Atoms are the fundamental building blocks — badges, buttons, chips, icons, inputs, links, lists, and blockquotes. Each one is fully specified with responsive tokens, light and dark mode support, and documented states.

Molecules combine atoms into functional units — cards, content blocks, feedback indicators, fieldsets, messages, pagination, and tables. They reference their child atoms rather than duplicating specifications, keeping the system DRY and maintainable.

Organisms are the largest structures — banners, footers, headers, and tab systems. These are complex assemblies with their own layout logic, but they still inherit the same token system all the way down.

In the Figma library itself, components are organized alphabetically for fast access. Within each component family, elements are grouped by their atomic level where applicable. The atom/molecule/organism framework governs the documentation structure and the conceptual relationships between components — not the file organization.

Every component is built with auto layout, so responsive behavior is structural — not cosmetic. Components don't just shrink at smaller viewports. They reorganize.

The Documentation Pipeline

A design system is only as good as its documentation. If people can't find and trust the specs, they'll make it up — and the system stops being a system.

The Delta Design System's documentation pipeline runs from Figma to comprehensive HTML specification documents. Each component gets a full write-up: anatomy, variants, states, typography, spacing, border radius, colors (light and dark), accessibility guidance, usage guidelines, and code reference. Every value in every table traces back to a verified Figma variable — nothing is assumed, nothing is guessed.

The HTML documents follow a strict standard with consistent structure, terminology, and formatting across all components. This consistency is the point. A developer who reads the Button spec knows exactly where to look in the Card spec, because the structure never changes.

The purpose-driven naming conventions carry through from Figma into the code. Layer names become class names. Variable names become CSS custom properties. A developer reading the rendered code in Figma sees the same names they'll write in their stylesheet — no translation required.

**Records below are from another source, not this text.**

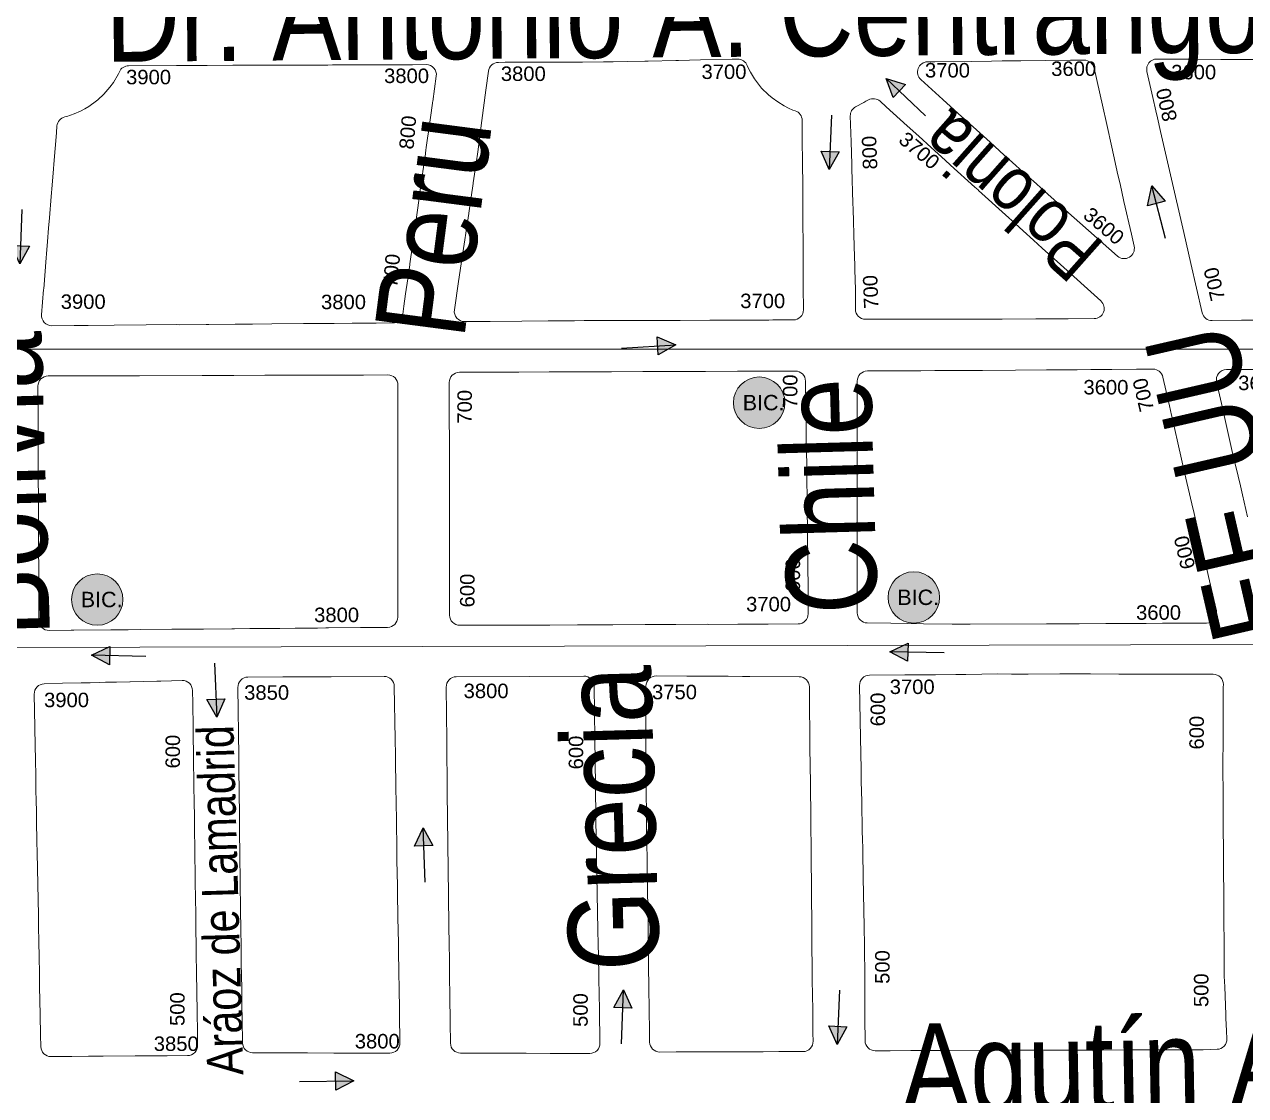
# Model space of a CAD drawing. Header units: millimetres. Extents: x 11558 to 23675, y 49449 to 61482.
# Drawn here: x 16625.3 to 16962.9, y 53889.4 to 54185.5 of the extents above; entities that cross this region are included whole.
import ezdxf

# ---------------------------------------------------------------- set-up
doc = ezdxf.new("R2010")
doc.units = ezdxf.units.MM
for name, color, linetype in [('0. plano base - nombres calles', 22, 'Continuous'), ('0. Plano Base - PLANO', 254, 'Continuous'), ('0. Plano base - sentido calles', 253, 'Continuous'), ('7. puesta en valor CC la lucila', 212, 'Continuous'), ('numeración', 7, 'Continuous')]:
    doc.layers.add(name, color=color, linetype=linetype)
doc.layers.add('Linea Bicentenario Original', color=7, linetype='Continuous', true_color=0x0000cc, transparency=0.5)
doc.layers.get('7. puesta en valor CC la lucila').off()
doc.styles.get("Standard").update_dxf_attribs({"font": 'arial.ttf'})

# ---------------------------------------------------------------- blocks, each defined once
blk = doc.blocks.new('MANZANAS')
at = {"layer": '0. Plano Base - PLANO', "color": 0, "linetype": 'Continuous', "lineweight": 5}
for points in [[(5637269.56, 6176982.29), (5637266.81, 6176980.82), (5637266.19, 6176980.49), (5637259.02, 6176976.65, -0.352844), (5637255.57, 6176977.3), (5637246.52, 6176987.92), (5637240.81, 6176994.64), (5637230.23, 6177007.09), (5637223.08, 6177015.52), (5637222.27, 6177016.48), (5637219.75, 6177019.45), (5637218.51, 6177020.92), (5637216.03, 6177023.84), (5637211.26, 6177029.46, -0.483245), (5637212.12, 6177033.76), (5637219.68, 6177037.63), (5637220.5, 6177038.05), (5637227.82, 6177041.81), (5637228.78, 6177042.3), (5637236.28, 6177046.15)], [(5637292.74, 6176933.02), (5637290.01, 6176936.18), (5637288.67, 6176937.73), (5637287.01, 6176939.67), (5637285.21, 6176941.76), (5637283.12, 6176944.18), (5637282.7, 6176944.67), (5637280.61, 6176947.1), (5637272.96, 6176956.19), (5637272.66, 6176956.55), (5637267.92, 6176962.19, -0.478628), (5637268.77, 6176966.47), (5637278.9, 6176971.79)]]:
    blk.add_lwpolyline(points, format="xyb", dxfattribs=at)
for points in [[(5637197.84, 6177023.55), (5637204.64, 6177015.47), (5637208.17, 6177011.27), (5637212.29, 6177006.39), (5637217.33, 6177000.41), (5637218.96, 6176998.49), (5637222.19, 6176994.65), (5637228.2, 6176987.54), (5637230.4, 6176984.92, -0.728621), (5637227.58, 6176980.4), (5637214.13, 6176983.79), (5637210.06, 6176984.82), (5637206.05, 6176985.83), (5637201.4, 6176987), (5637200.21, 6176987.3), (5637200.05, 6176987.34), (5637198.47, 6176987.75), (5637194.86, 6176988.68), (5637188.72, 6176990.29), (5637188.62, 6176990.31), (5637181.81, 6176992.09), (5637176.91, 6176993.37), (5637170.32, 6176995.1), (5637168.86, 6176995.49), (5637164.8, 6176996.56), (5637156.82, 6176998.66, -0.681307), (5637156.21, 6177003.84), (5637157.96, 6177004.77), (5637166.97, 6177009.59), (5637171.82, 6177012.19), (5637174.38, 6177013.55), (5637177.75, 6177015.35), (5637178.94, 6177015.98), (5637184.98, 6177019.2), (5637191.1, 6177022.46), (5637194.38, 6177024.21, -0.353873)], [(5637144.3, 6176983.67), (5637145.73, 6176985.75), (5637146.1, 6176986.3), (5637146.59, 6176987, -0.316157), (5637149.6, 6176988.12), (5637151.78, 6176987.55), (5637159.37, 6176985.57), (5637163.55, 6176984.47), (5637168.08, 6176983.28), (5637173.11, 6176981.96), (5637175.02, 6176981.46), (5637183.78, 6176979.17), (5637184.96, 6176978.86), (5637185.13, 6176978.81), (5637194.87, 6176976.26), (5637198.31, 6176975.36), (5637201.18, 6176974.61), (5637204.94, 6176973.62), (5637208.11, 6176972.79), (5637214.72, 6176971.06), (5637229.22, 6176967.28, -0.68465), (5637229.82, 6176962.09), (5637223.49, 6176958.75), (5637216.5, 6176955.08), (5637215.54, 6176954.57), (5637207.33, 6176950.24), (5637197.92, 6176945.34), (5637197.85, 6176945.3), (5637195.05, 6176943.84), (5637194.75, 6176943.69), (5637189.3, 6176940.85), (5637188.89, 6176940.63), (5637181.46, 6176936.78), (5637180.99, 6176936.54), (5637177.67, 6176934.8), (5637173.79, 6176932.78, -0.414721), (5637170.02, 6176933.98), (5637167.07, 6176939.66), (5637166.74, 6176940.26), (5637164.36, 6176944.54), (5637161.77, 6176949.17), (5637156.71, 6176958.24), (5637155.9, 6176959.68), (5637151.26, 6176968), (5637150.92, 6176968.61), (5637150.63, 6176969.12), (5637147.65, 6176974.47), (5637144.16, 6176980.72, -0.285236)], [(5637124.58, 6176974.92), (5637126.68, 6176974.77), (5637128.02, 6176974.78), (5637129.35, 6176974.87), (5637130.02, 6176974.97, -0.318534), (5637132.92, 6176973.52), (5637135.02, 6176969.56), (5637138.79, 6176962.45), (5637141.02, 6176958.23), (5637142.93, 6176954.61), (5637144.31, 6176952), (5637146.9, 6176947.09), (5637148.1, 6176944.81), (5637150.96, 6176939.39), (5637154.47, 6176932.72), (5637157.37, 6176927.23, -0.41488), (5637156.19, 6176923.44), (5637151.16, 6176920.81), (5637150.18, 6176920.29), (5637146.97, 6176918.61), (5637143.38, 6176916.73), (5637139.46, 6176914.67), (5637135.76, 6176912.73), (5637128.46, 6176908.9), (5637112.57, 6176900.58), (5637104.96, 6176896.59), (5637102.57, 6176895.33), (5637097.43, 6176892.62), (5637096.18, 6176891.96), (5637089.74, 6176888.55), (5637082, 6176884.45), (5637075.72, 6176881.12, -0.460395), (5637071.76, 6176882.68), (5637069.17, 6176890.2), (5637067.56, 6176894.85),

A Storybook integration is in progress to provide a living code reference alongside the Figma library — the developer-facing counterpart to the design tool. The goal is a single system with two views: Figma for designers, Storybook for developers, both telling the same story with the same values.

What The Delta Design System Demonstrates

This isn't a portfolio exercise. It's a working system built with the same rigor I bring to professional projects:

My father was a carpenter. He taught me that good craft disappears — the doors close flush, the drawers slide true, and you just trust it. That's what a design system should be. Not a showcase of how many tokens you can define, but invisible infrastructure that lets the next person build something good without thinking twice about the foundation underneath.